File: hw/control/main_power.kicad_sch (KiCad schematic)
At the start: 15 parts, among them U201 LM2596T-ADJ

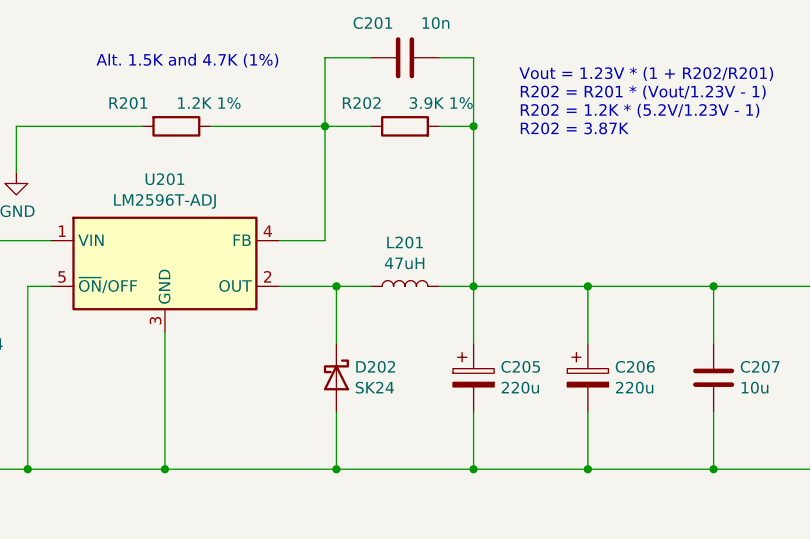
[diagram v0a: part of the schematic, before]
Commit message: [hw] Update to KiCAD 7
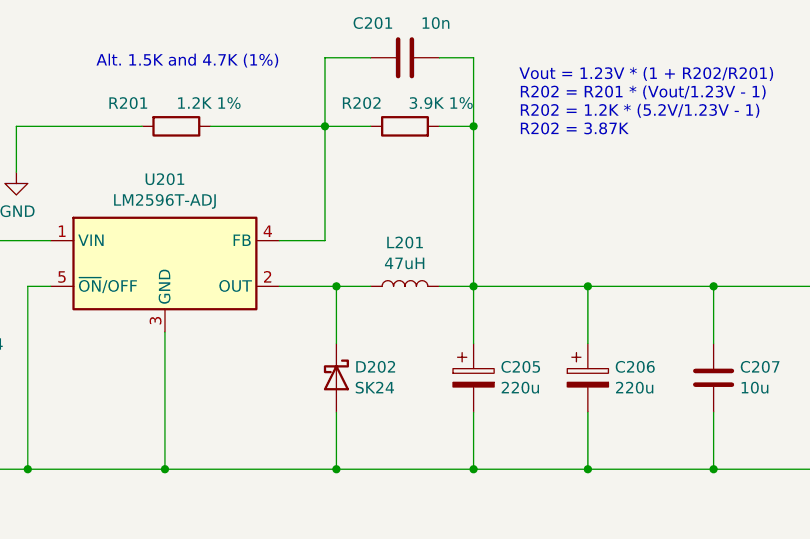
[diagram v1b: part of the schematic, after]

^^^^^^^^

**Problem description**. From the listing, extract all text exactly as given and drop any picture.

**Task result**.
File: hw/control/main_power.kicad_sch (KiCad schematic)
At the start: 15 parts, among them U201 LM2596T-ADJ

[diagram v0a: part of the schematic, before]
Commit message: [hw] Update to KiCAD 7
[diagram v1b: part of the schematic, after]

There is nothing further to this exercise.